START Data
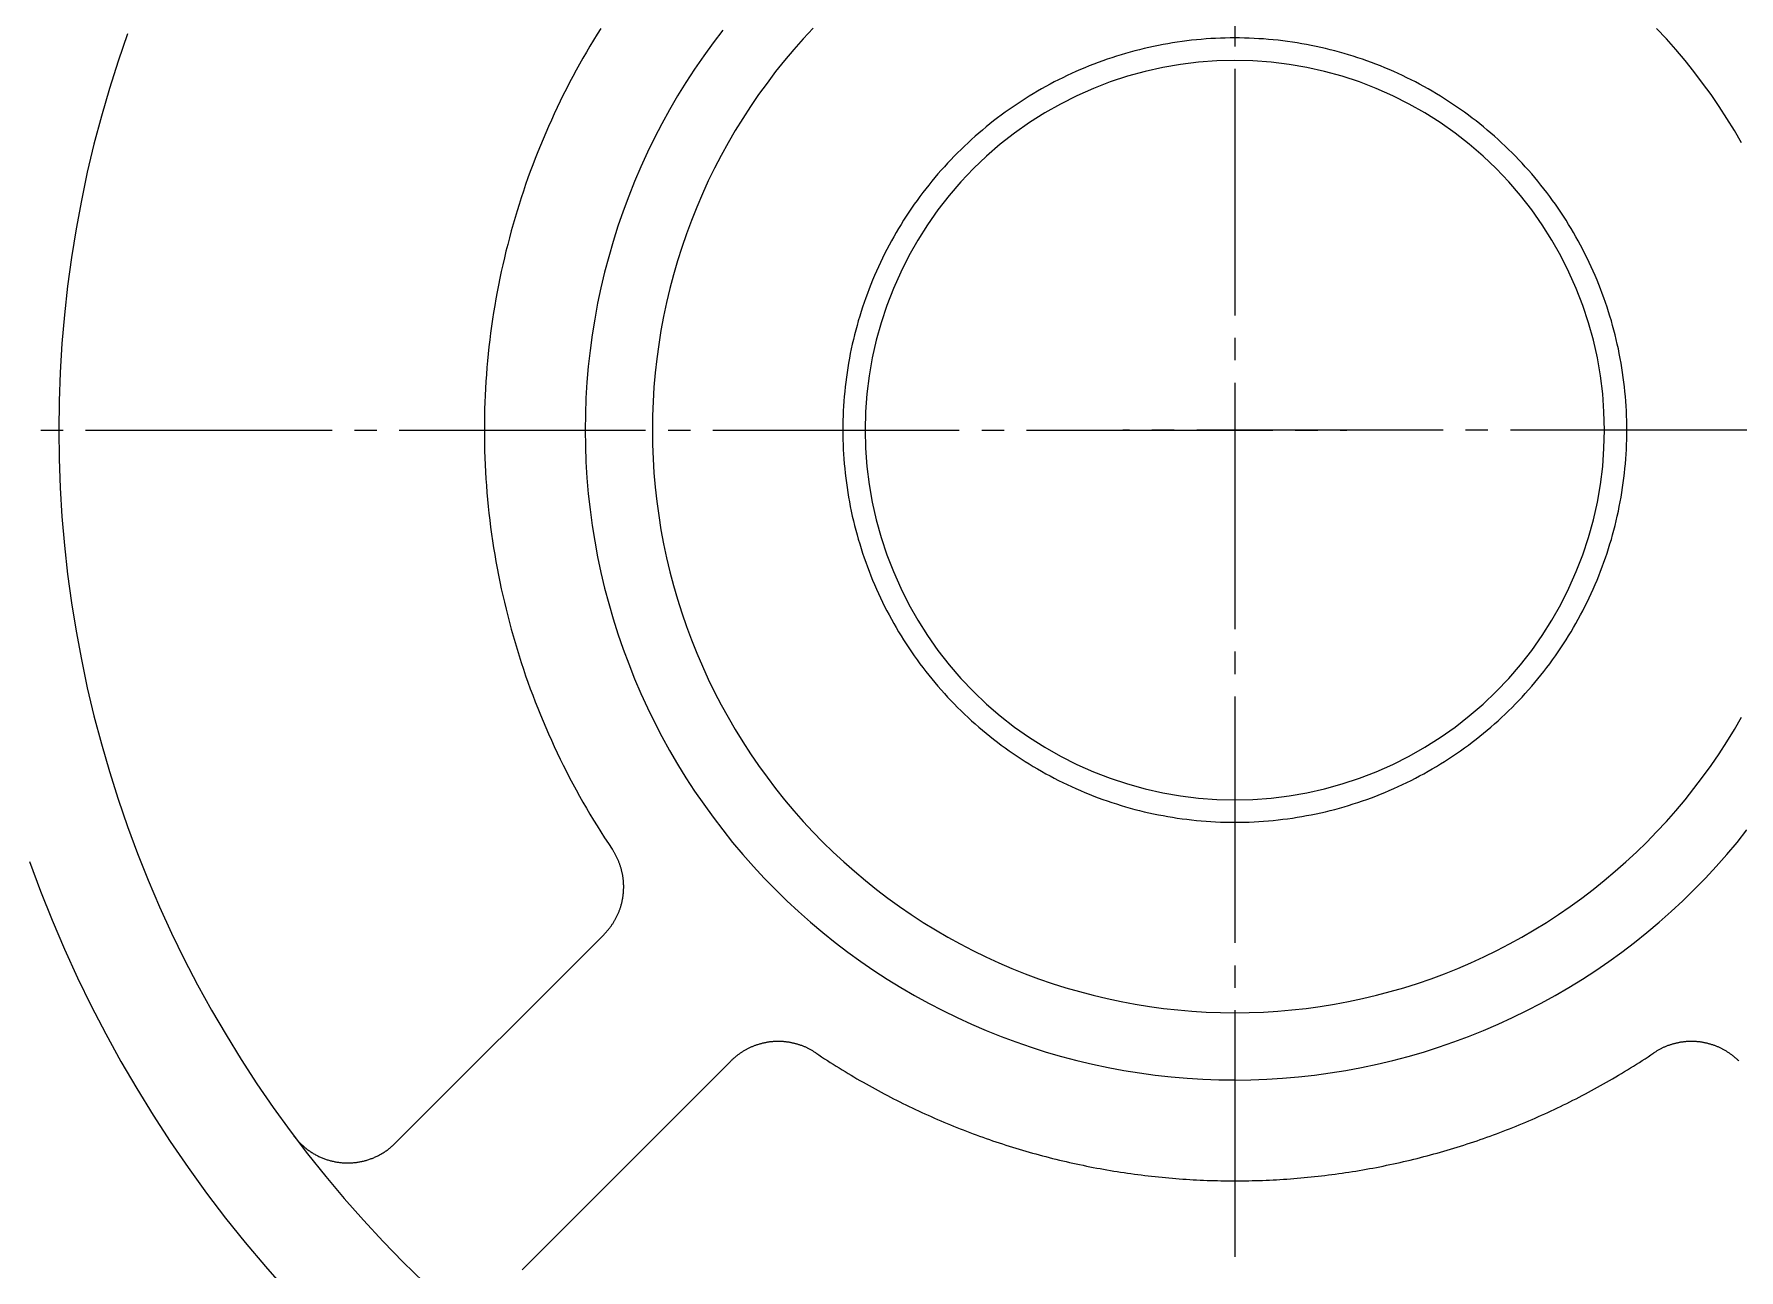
# Model space of a CAD drawing. Extents: x 0 to 920, y 0 to 461.
# Drawn here: x 772.7 to 848.8, y 278.9 to 334 of the extents above; entities that cross this region are included whole.
import ezdxf

# ---------------------------------------------------------------- set-up
doc = ezdxf.new("R2010")
doc.units = 0
doc.linetypes.add('DASH_CENTER', pattern=[14, 11, -1, 1, -1])
doc.layers.get('0').update_dxf_attribs({"linetype": 'CONTINUOUS'})

msp = doc.modelspace()

# ---------------------------------------------------------------- linework, layer by layer
at = {"color": 1, "linetype": 'DASH_CENTER'}
for p, q in [((826.342, 458.462), (826.342, 223.047)), ((733.042, 316.347), (831.342, 316.347)), ((919.641, 316.346), (821.341, 316.346))]:
    msp.add_line(p, q, dxfattribs=at)
at = {"color": 7, "linetype": 'CONTINUOUS'}
for p, q in [((798.183, 293.845), (788.849, 284.51)), ((794.53, 278.877), (803.84, 288.188))]:
    msp.add_line(p, q, dxfattribs=at)
for points in [[(798.042, 334.273, 0), (797.877, 334.01, 0), (797.715, 333.746, 0), (797.555, 333.48, 0), (797.398, 333.213, 0), (797.243, 332.945, 0), (797.091, 332.674, 0), (796.941, 332.403, 0), (796.793, 332.13, 0), (796.648, 331.856, 0), (796.506, 331.58, 0), (796.366, 331.304, 0), (796.229, 331.026, 0), (796.095, 330.746, 0), (795.963, 330.466, 0), (795.833, 330.184, 0), (795.706, 329.901, 0), (795.582, 329.617, 0), (795.461, 329.331, 0), (795.342, 329.045, 0), (795.226, 328.757, 0), (795.112, 328.469, 0), (795.001, 328.179, 0), (794.893, 327.889, 0), (794.788, 327.597, 0), (794.685, 327.304, 0), (794.585, 327.011, 0), (794.487, 326.717, 0), (794.393, 326.421, 0), (794.301, 326.125, 0), (794.212, 325.828, 0), (794.125, 325.53, 0), (794.042, 325.232, 0), (793.961, 324.932, 0), (793.883, 324.632, 0), (793.807, 324.331, 0), (793.735, 324.03, 0), (793.665, 323.728, 0), (793.598, 323.425, 0), (793.534, 323.122, 0), (793.473, 322.818, 0), (793.414, 322.513, 0), (793.359, 322.208, 0), (793.306, 321.902, 0), (793.256, 321.596, 0), (793.209, 321.29, 0), (793.164, 320.983, 0), (793.123, 320.676, 0), (793.084, 320.368, 0), (793.048, 320.06, 0), (793.015, 319.752, 0), (792.985, 319.443, 0), (792.958, 319.134, 0), (792.934, 318.825, 0), (792.912, 318.516, 0), (792.894, 318.206, 0), (792.878, 317.896, 0), (792.865, 317.587, 0), (792.855, 317.277, 0), (792.848, 316.967, 0), (792.843, 316.657, 0), (792.842, 316.346, 0), (792.843, 316.036, 0), (792.848, 315.726, 0), (792.855, 315.416, 0), (792.865, 315.106, 0), (792.878, 314.797, 0), (792.894, 314.487, 0), (792.912, 314.177, 0), (792.934, 313.868, 0), (792.958, 313.559, 0), (792.985, 313.25, 0), (793.015, 312.941, 0), (793.048, 312.633, 0), (793.084, 312.325, 0), (793.123, 312.017, 0), (793.164, 311.71, 0), (793.209, 311.403, 0), (793.256, 311.097, 0), (793.306, 310.791, 0), (793.359, 310.485, 0), (793.414, 310.18, 0), (793.473, 309.875, 0), (793.534, 309.571, 0), (793.598, 309.268, 0), (793.665, 308.965, 0), (793.735, 308.663, 0), (793.808, 308.362, 0), (793.883, 308.061, 0), (793.961, 307.761, 0), (794.042, 307.461, 0), (794.125, 307.163, 0), (794.212, 306.865, 0), (794.301, 306.568, 0), (794.393, 306.272, 0), (794.487, 305.976, 0), (794.585, 305.682, 0), (794.685, 305.388, 0), (794.788, 305.096, 0), (794.893, 304.804, 0), (795.001, 304.514, 0), (795.112, 304.224, 0), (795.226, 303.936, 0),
END Data
» The task: The copy you write must hold every record verbatim and none of the pictures.

» Solution to this exercise:
# Model space of a CAD drawing. Extents: x 0 to 920, y 0 to 461.
# Drawn here: x 772.7 to 848.8, y 278.9 to 334 of the extents above; entities that cross this region are included whole.
import ezdxf

# ---------------------------------------------------------------- set-up
doc = ezdxf.new("R2010")
doc.units = 0
doc.linetypes.add('DASH_CENTER', pattern=[14, 11, -1, 1, -1])
doc.layers.get('0').update_dxf_attribs({"linetype": 'CONTINUOUS'})

msp = doc.modelspace()

# ---------------------------------------------------------------- linework, layer by layer
at = {"color": 1, "linetype": 'DASH_CENTER'}
for p, q in [((826.342, 458.462), (826.342, 223.047)), ((733.042, 316.347), (831.342, 316.347)), ((919.641, 316.346), (821.341, 316.346))]:
    msp.add_line(p, q, dxfattribs=at)
at = {"color": 7, "linetype": 'CONTINUOUS'}
for p, q in [((798.183, 293.845), (788.849, 284.51)), ((794.53, 278.877), (803.84, 288.188))]:
    msp.add_line(p, q, dxfattribs=at)
for points in [[(798.042, 334.273, 0), (797.877, 334.01, 0), (797.715, 333.746, 0), (797.555, 333.48, 0), (797.398, 333.213, 0), (797.243, 332.945, 0), (797.091, 332.674, 0), (796.941, 332.403, 0), (796.793, 332.13, 0), (796.648, 331.856, 0), (796.506, 331.58, 0), (796.366, 331.304, 0), (796.229, 331.026, 0), (796.095, 330.746, 0), (795.963, 330.466, 0), (795.833, 330.184, 0), (795.706, 329.901, 0), (795.582, 329.617, 0), (795.461, 329.331, 0), (795.342, 329.045, 0), (795.226, 328.757, 0), (795.112, 328.469, 0), (795.001, 328.179, 0), (794.893, 327.889, 0), (794.788, 327.597, 0), (794.685, 327.304, 0), (794.585, 327.011, 0), (794.487, 326.717, 0), (794.393, 326.421, 0), (794.301, 326.125, 0), (794.212, 325.828, 0), (794.125, 325.53, 0), (794.042, 325.232, 0), (793.961, 324.932, 0), (793.883, 324.632, 0), (793.807, 324.331, 0), (793.735, 324.03, 0), (793.665, 323.728, 0), (793.598, 323.425, 0), (793.534, 323.122, 0), (793.473, 322.818, 0), (793.414, 322.513, 0), (793.359, 322.208, 0), (793.306, 321.902, 0), (793.256, 321.596, 0), (793.209, 321.29, 0), (793.164, 320.983, 0), (793.123, 320.676, 0), (793.084, 320.368, 0), (793.048, 320.06, 0), (793.015, 319.752, 0), (792.985, 319.443, 0), (792.958, 319.134, 0), (792.934, 318.825, 0), (792.912, 318.516, 0), (792.894, 318.206, 0), (792.878, 317.896, 0), (792.865, 317.587, 0), (792.855, 317.277, 0), (792.848, 316.967, 0), (792.843, 316.657, 0), (792.842, 316.346, 0), (792.843, 316.036, 0), (792.848, 315.726, 0), (792.855, 315.416, 0), (792.865, 315.106, 0), (792.878, 314.797, 0), (792.894, 314.487, 0), (792.912, 314.177, 0), (792.934, 313.868, 0), (792.958, 313.559, 0), (792.985, 313.25, 0), (793.015, 312.941, 0), (793.048, 312.633, 0), (793.084, 312.325, 0), (793.123, 312.017, 0), (793.164, 311.71, 0), (793.209, 311.403, 0), (793.256, 311.097, 0), (793.306, 310.791, 0), (793.359, 310.485, 0), (793.414, 310.18, 0), (793.473, 309.875, 0), (793.534, 309.571, 0), (793.598, 309.268, 0), (793.665, 308.965, 0), (793.735, 308.663, 0), (793.808, 308.362, 0), (793.883, 308.061, 0), (793.961, 307.761, 0), (794.042, 307.461, 0), (794.125, 307.163, 0), (794.212, 306.865, 0), (794.301, 306.568, 0), (794.393, 306.272, 0), (794.487, 305.976, 0), (794.585, 305.682, 0), (794.685, 305.388, 0), (794.788, 305.096, 0), (794.893, 304.804, 0), (795.001, 304.514, 0), (795.112, 304.224, 0), (795.226, 303.936, 0),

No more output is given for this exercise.